Bila itu yang terjadi, konsumen sah-sah saja melayangkan gugatan karena melanggar UU Perlindungan Konsumen. Oh ya, saya tidak tahu juga apakah UU Perlindungan Konsumen boleh dijadikan dasar untuk mengajukan somasi apabila konsumen merasa kecanduan terhadap produk sebuah perusahaan.
Terakhir, jika somasi Rohayani akhirnya dikabulkan maka saya pun berniat untuk melakukan hal serupa. Sungguh, itu pekerjaan mudah untuk mendatangkan pundi-pundi rupiah. Tetapi bila sebaliknya, saya pun tidak habis pikir kenapa advokat sekaliber Todung bersedia menangani kasus seperti itu. Bagaimana mungkin perusahaan rokok akan kalah melawan perokok yang merasa kecanduan?

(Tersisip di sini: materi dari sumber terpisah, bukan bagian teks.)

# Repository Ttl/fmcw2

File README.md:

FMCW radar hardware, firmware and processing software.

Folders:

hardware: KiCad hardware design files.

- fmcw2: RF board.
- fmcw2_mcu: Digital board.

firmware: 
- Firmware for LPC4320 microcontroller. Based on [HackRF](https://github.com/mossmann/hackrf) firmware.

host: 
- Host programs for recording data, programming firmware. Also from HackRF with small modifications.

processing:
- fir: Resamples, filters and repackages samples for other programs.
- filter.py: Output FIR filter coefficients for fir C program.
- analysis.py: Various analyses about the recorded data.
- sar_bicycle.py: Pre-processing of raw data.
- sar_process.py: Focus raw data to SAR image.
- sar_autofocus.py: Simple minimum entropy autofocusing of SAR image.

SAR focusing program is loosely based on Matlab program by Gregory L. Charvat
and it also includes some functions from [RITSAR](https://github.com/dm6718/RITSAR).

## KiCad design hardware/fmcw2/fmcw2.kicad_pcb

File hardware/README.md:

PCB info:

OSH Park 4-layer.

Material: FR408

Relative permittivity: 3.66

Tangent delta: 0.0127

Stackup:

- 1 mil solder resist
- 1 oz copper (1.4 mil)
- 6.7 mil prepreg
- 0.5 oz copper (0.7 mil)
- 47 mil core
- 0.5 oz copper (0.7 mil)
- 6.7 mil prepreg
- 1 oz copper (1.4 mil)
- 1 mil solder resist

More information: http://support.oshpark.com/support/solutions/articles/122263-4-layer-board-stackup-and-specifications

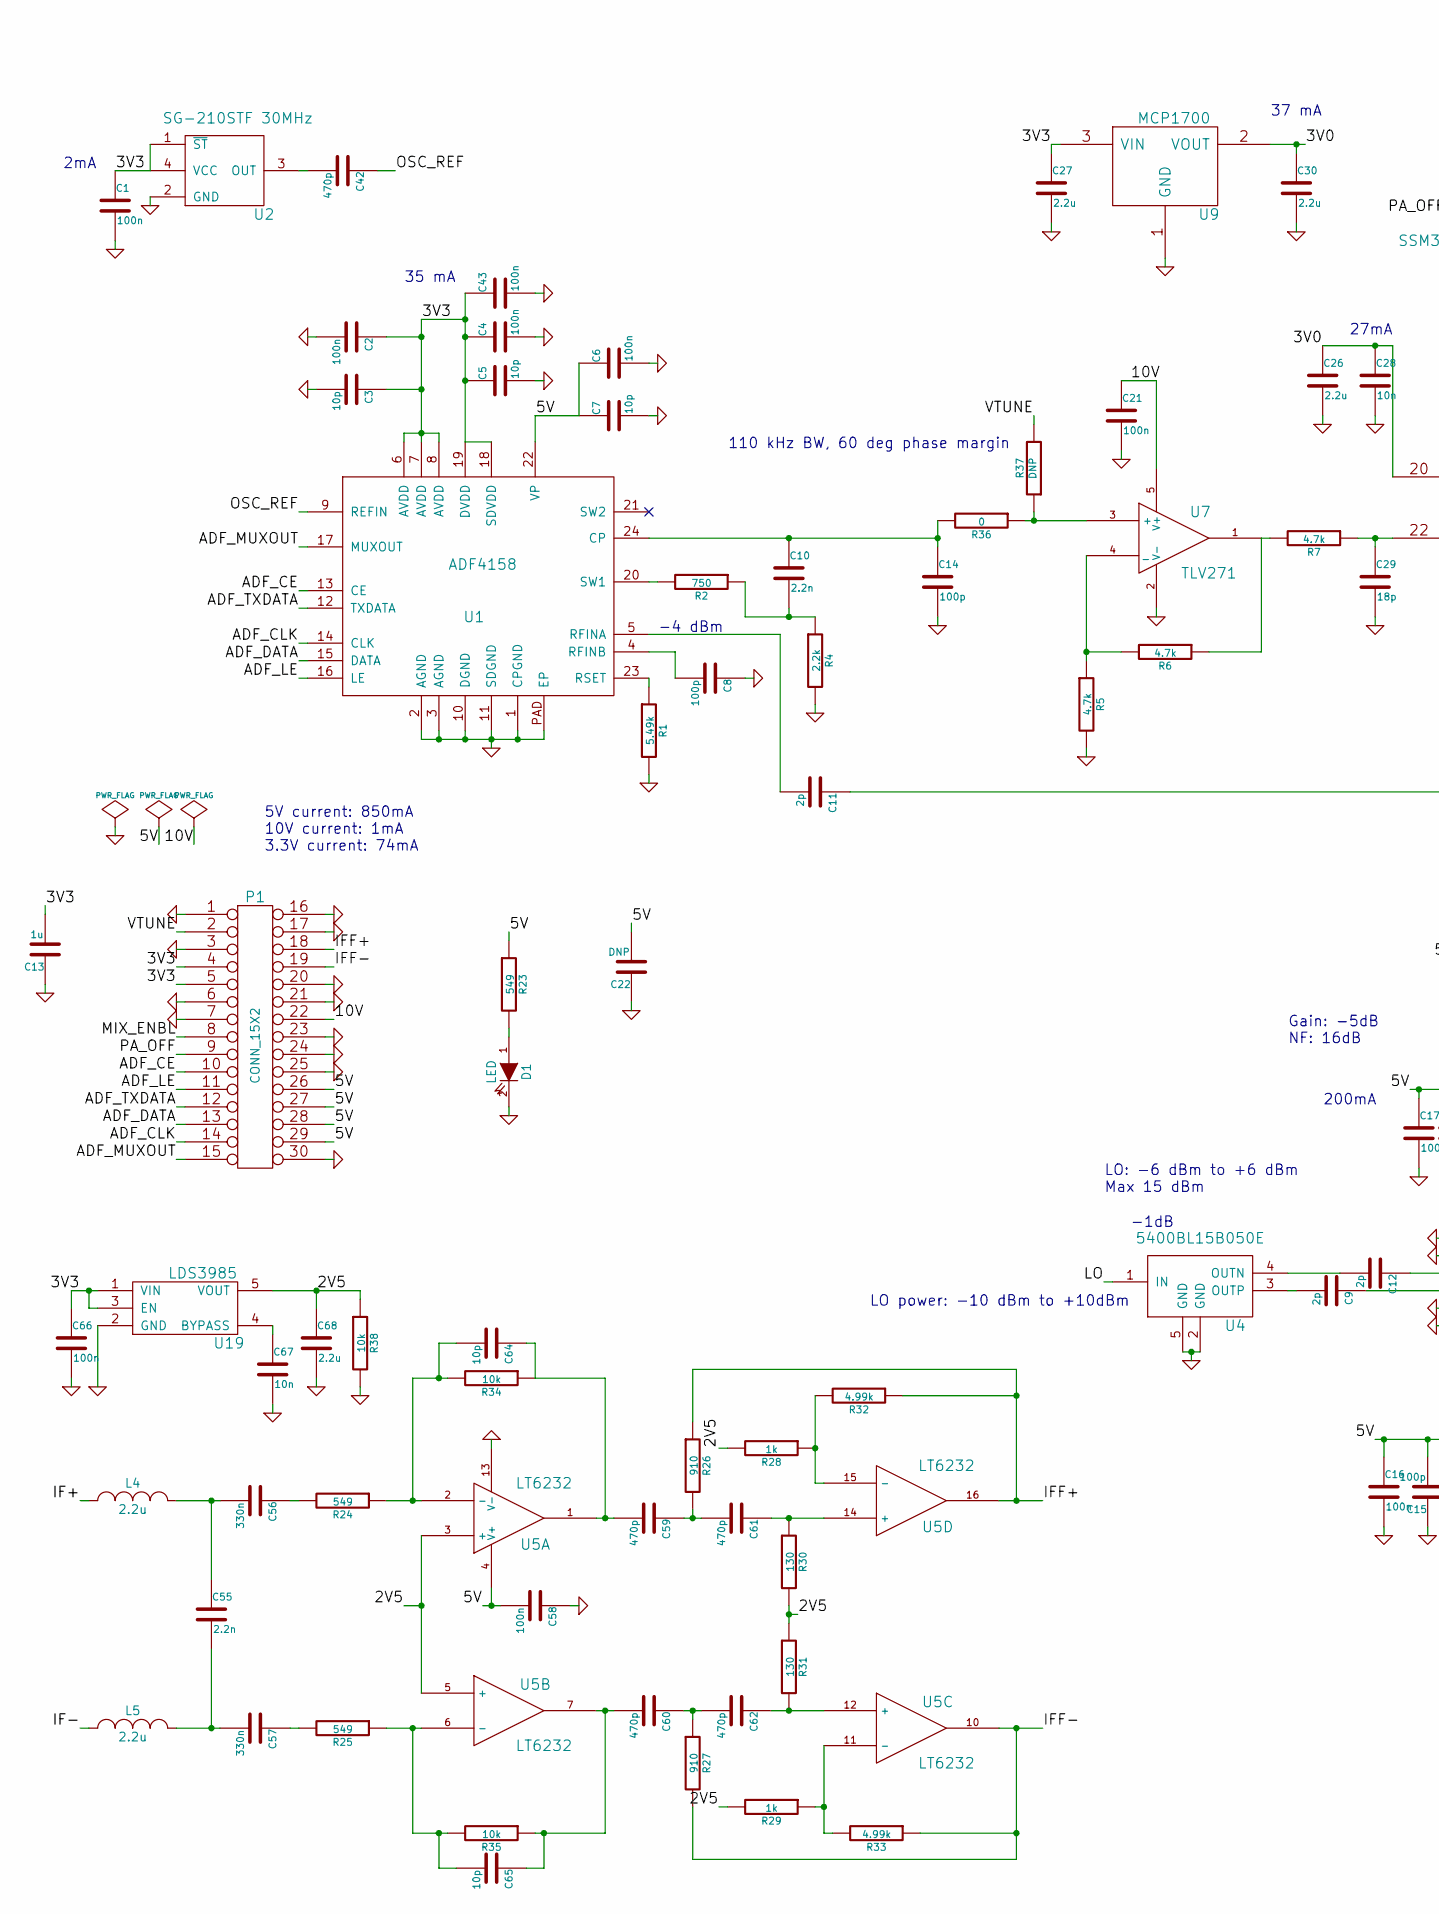
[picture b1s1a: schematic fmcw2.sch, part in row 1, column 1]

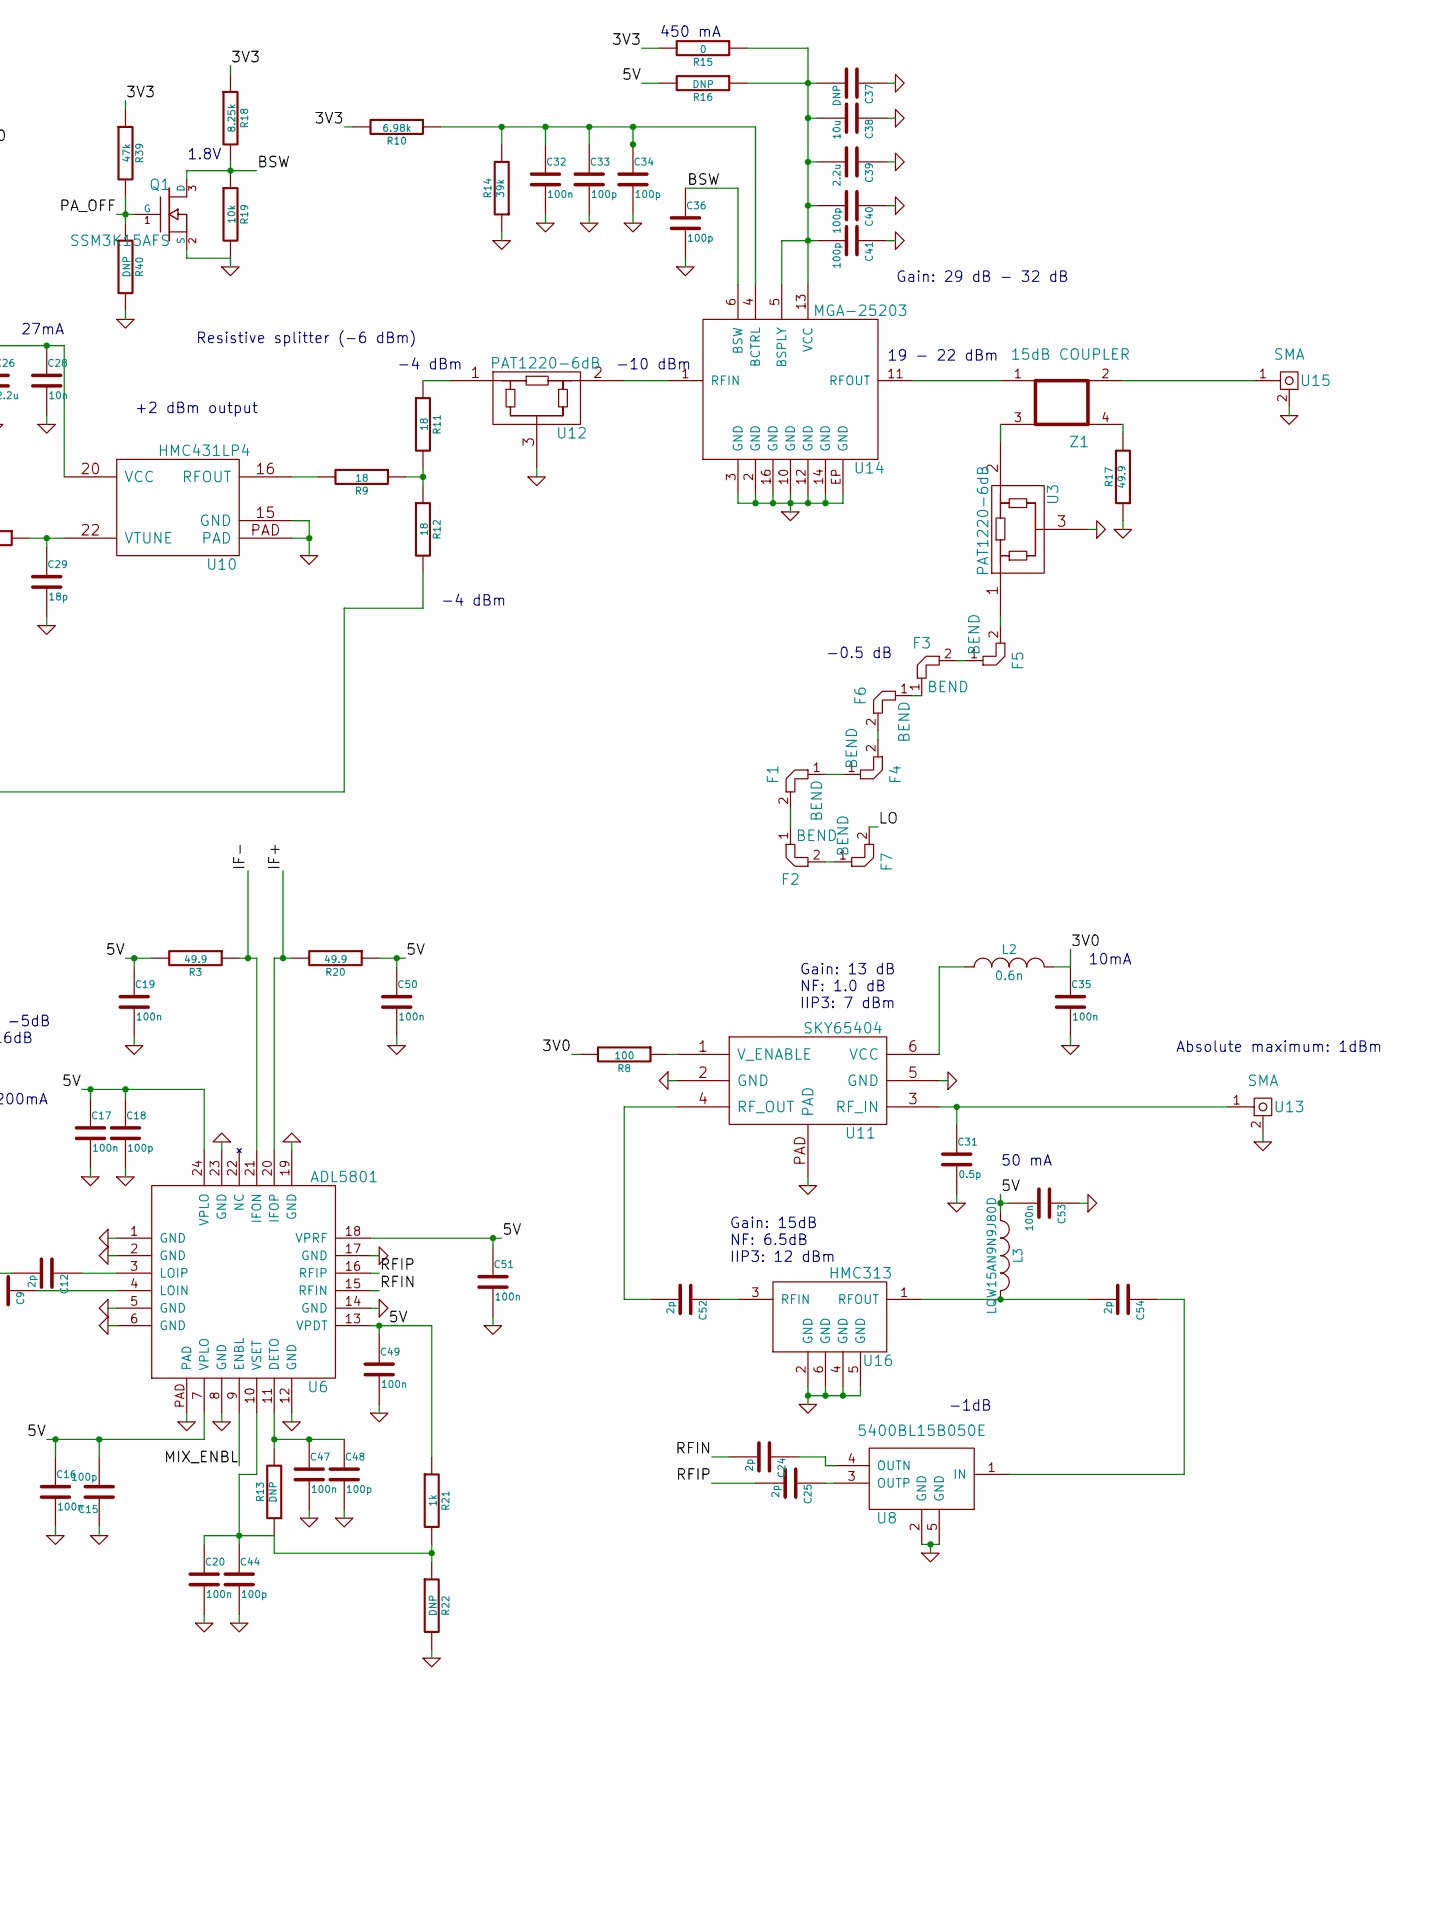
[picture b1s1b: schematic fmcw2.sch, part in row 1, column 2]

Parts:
C1, C2, C4, C6, C16, C17, C19, C20, C21, C32, C35, C43, C47, C49, C50, C51, C53, C58, C66: 100n; C_0402b
C3, C5, C7, C64, C65: 10p; C_0402b
C8, C14, C15, C18, C33, C34, C36, C40, C41, C44, C48: 100p; C_0402b
C9, C11, C12, C24, C25, C52, C54: 2p; C_0402b
C10, C55: 2.2n; C_0402b
C13: 1u; C_0603b
C22: DNP; C_0805b
C26, C27, C30, C39, C68: 2.2u; C_0603b
C28, C67: 10n; C_0402b
C29: 18p; C_0402b
C31: 0.5p; C_0402b
C37: DNP; C_0603b
C38: 10u; C_0805b
C42, C59, C60, C61, C62: 470p; C_0402b
C56, C57: 330n; C_0603b
D1: LED; LED_0603
F1, F2, F7: BEND; uwmiter_0.34_0.17_90
F3, F4, F5, F6: BEND; uwmiter_0.34_0.17_45
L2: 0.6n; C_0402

Sejujurnya, selain kecanduan rokok di luar produksi Gudang Garam dan Djarum, saya pun merasa kecanduan dengan kopi sachet produksi Kapal Api, tetapi apakah saya berhak menuntut mereka? Apalagi, minuman kopi dalam berbagai studi juga diketahui menimbulkan berbagai penyakit yang rentan menurunkan kualitas hidup penikmatnya termasuk saya. Tetapi masa sih saya menuntut Kapal Api?
Oh ya, sebagai perokok saya bukannya anti terhadap mereka yang tidak merokok. Saya sendiri sangat menyadari adanya ancaman kesehatan yang disebabkan rokok. Itu sebabnya saya juga setuju terhadap adanya larangan merokok di tempat-tempat tertentu. Misalnya di bandara, stasiun, mal, dan tempat publik lainnya. Namun biar adil, karena perokok memperoleh rokok dengan cara membeli dan negara memperoleh cukai dari sana, ruangan khusus perokok di berbagai tempat umum itu juga seyogianya disediakan.